At the company’s Web site, users post questions and doctors post brief answers. The service is free, and the doctors aren’t paid. Instead, they engage in gamelike competitions, earning points and climbing numbered levels. They can also receive nonmonetary awards — many of them whimsically named, like the “It’s Not Brain Surgery” prize, earned for answering 21 questions at the site.
First, and most obvious, why would a doctor participate? It seems to build up their reptuation.
By participating, doctors who want to attract new patients have a chance to gain visibility. When searching for answers to a particular question, users can add a geographic filter, narrowing the search to doctors who are nearby. But doctors who already have busy practices and can’t accept new patients are less likely to be interested in participating on the site.
HealthTap started its Web site last May. It says that it has signed up more than 9,000 physicians and that it is adding 100 a day. The site does not carry advertising, and the company declines to comment about how it plans to generate revenue.
Now the real question? What are the ethical and regulatory implications of offering treatment to a patient a doctor has never seen, knows nothing about, in less than 400 characters.
HealthTap requires only that its physicians be licensed in the United States and in good standing — that is, not accused of malfeasance. Lamentably, it does not use board certification to establish a floor for qualifications required for physicians to participate. The company says it does not require board certification because this “is not required in the U.S. to see and care for patients.”
Another worrisome aspect is the breeziness of HealthTap’s answers, which are limited to 400 characters, a length hardly well-suited for providing nuanced answers to some medical questions.
A disclaimer at the foot of every page says that the site “does not provide medical advice, diagnosis or treatment.”
Here’s how they describe their exception-to-the-law on the site:
Content posted on, created for, or compiled by the Site is an informational/educational service only and is not intended or designed to replace a physician’s independent judgment about any symptom, condition, or the appropriateness or risks of a procedure or treatment for a given person.
HealthTap is a website, not a doctor. This means that the Content is not a substitute for professional medical advice, diagnosis, or treatment, and you should:
- Seek the advice of a your physician or other qualified healthcare provider whenever you have a question about a medical condition or symptom;
- Never delay seeking this advice or disregard professional medical advice because of something that you read or see on the HealthTap site; and
- Call your doctor or 911 immediately if you think you may have a medical emergency.
YOU AGREE NOT TO USE CONTENT FOR MEDICAL ADVICE, DIAGNOSIS OR TREATMENT.
I wonder what the American Medical Association thinks?
DR. PETER W. CARMEL, president of the American Medical Association, says he is concerned about the use of online medical information, which should “complement, not replace, the communication between a patient and their physician,” he wrote in an e-mail.

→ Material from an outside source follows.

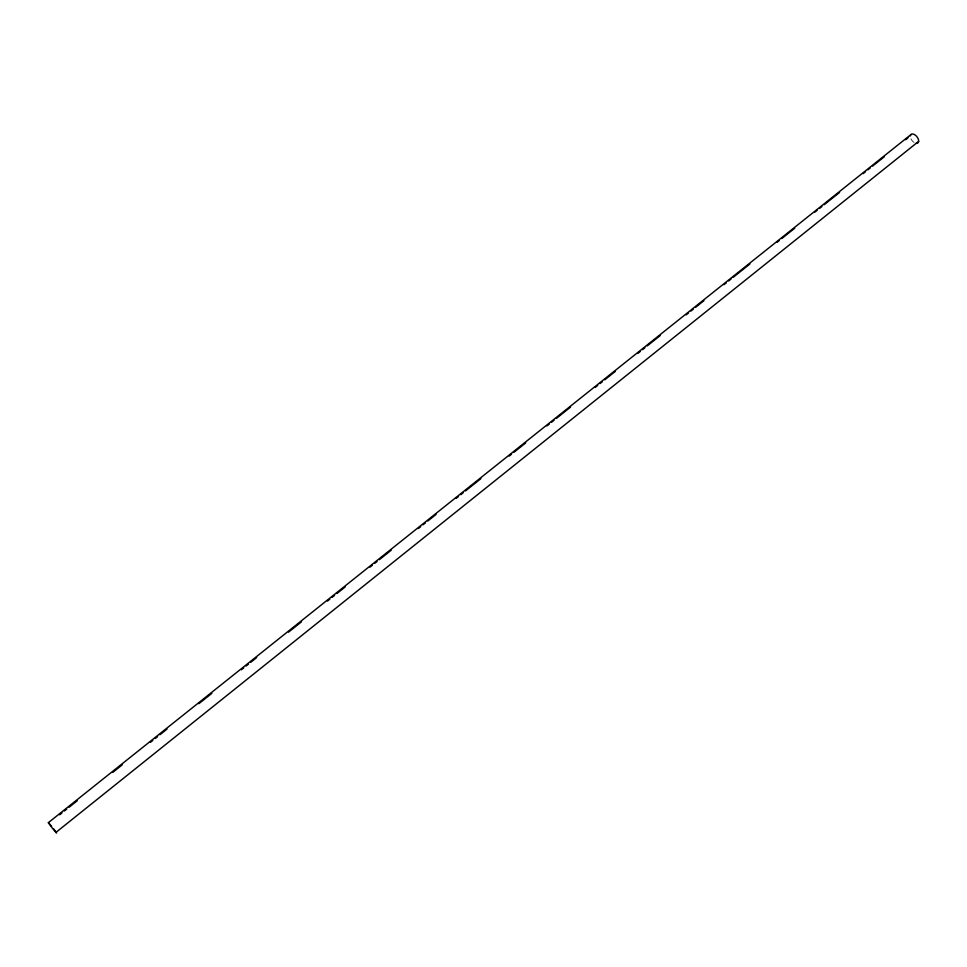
<?xml version="1.0" encoding="UTF-8"?>
<svg xmlns="http://www.w3.org/2000/svg" width="967" height="967" viewBox="0 0 967 967"><rect width="100%" height="100%" fill="white"/><g stroke="black" fill="none" stroke-linecap="round" stroke-linejoin="round"><path stroke-width="0.73" stroke-dasharray="4.83 3.63" d="M914.081 142.439A5.427 3.094 51.4 0 1 910.721 138.196"/><path stroke-width="1.45" d="M911.132 134.425L48.35 822.663L52.254 828.03L55.941 832.394L918.65 141.387M59.64 814.794L61.997 812.909M64.354 811.023L66.711 809.137M69.068 807.264L77.336 800.664M112.728 772.428L122.168 764.885M150.489 742.293L152.846 740.408M155.204 738.522L157.573 736.649M159.93 734.763L167.013 729.106M198.864 703.686L211.846 693.339M241.339 669.793L243.708 667.907M246.065 666.033L248.422 664.148M250.779 662.262L256.678 657.56M288.541 632.14L301.523 621.781M327.475 601.063L329.844 599.177M332.201 597.304L334.558 595.418M336.915 593.533L345.183 586.945M369.962 567.17L372.319 565.284M374.676 563.398L377.033 561.525M379.402 559.639L391.2 550.223M418.336 528.562L420.693 526.689M423.05 524.803L425.42 522.917M427.777 521.032L436.032 514.444M456.098 498.44L458.455 496.555M460.812 494.669L463.169 492.783M465.538 490.91L480.877 478.665M509.186 456.073L511.555 454.188M513.912 452.302L525.71 442.886M546.947 425.939L549.304 424.054M551.673 422.18L554.031 420.294M556.388 418.409L570.542 407.107M595.321 387.332L597.691 385.458M600.048 383.573L602.405 381.687M604.762 379.801L615.387 371.328M637.797 353.438L640.166 351.565M642.523 349.679L644.88 347.794M647.237 345.908L660.219 335.549M686.183 314.843L688.54 312.957M690.897 311.072L693.254 309.186M695.624 307.313L703.879 300.713M723.932 284.709L726.302 282.823M728.659 280.95L731.016 279.064M733.373 277.178L749.896 264.003M777.033 242.342L779.39 240.457M781.759 238.571L794.729 228.224M814.794 212.208L817.151 210.335M819.508 208.449L821.877 206.563M824.235 204.678L839.574 192.445M863.168 173.613L865.525 171.727M867.895 169.841L870.252 167.968M872.609 166.082L884.406 156.666M905.644 139.719L908.013 137.834M55.941 832.394L56.594 832.974L53.741 828.949M51.614 826.289L48.35 822.663M910.37 135.948A5.427 3.094 51.4 0 1 914.202 134.461A5.427 3.094 51.4 0 1 918.541 139.925A5.427 3.094 51.4 0 1 916.208 143.297"/></g></svg>

With online health information sites, “a medical history is not taken, a physical exam does not occur and any suggested treatment is not monitored or assessed,” he said. “Using this information in isolation could pose a threat to patients.”
In response, Mr. Gutman said, “We respect the A.M.A. and would welcome collaboration with them and any other forward-thinking medical organizations looking to improve the quality of care.”
Fat chance. And that raises the question of what would happen if a similar site opened up with lawyers? Well, simply saying that “this site does not provide legal advice” would hardly be sufficient to skirt the rules of professional conduct. Offering such advice would very likely constitute the creation of an attorney client relationship, and with it all the attendant requirements. What about lawyers providing advice to people who live outside the jurisdiction they are licensed (so easy to do online)?
Bar associations would shut this down, pretty quick. I don’t know enough about the regulatory mechanisms the medical cartel employs, but I’m sure they can do likewise.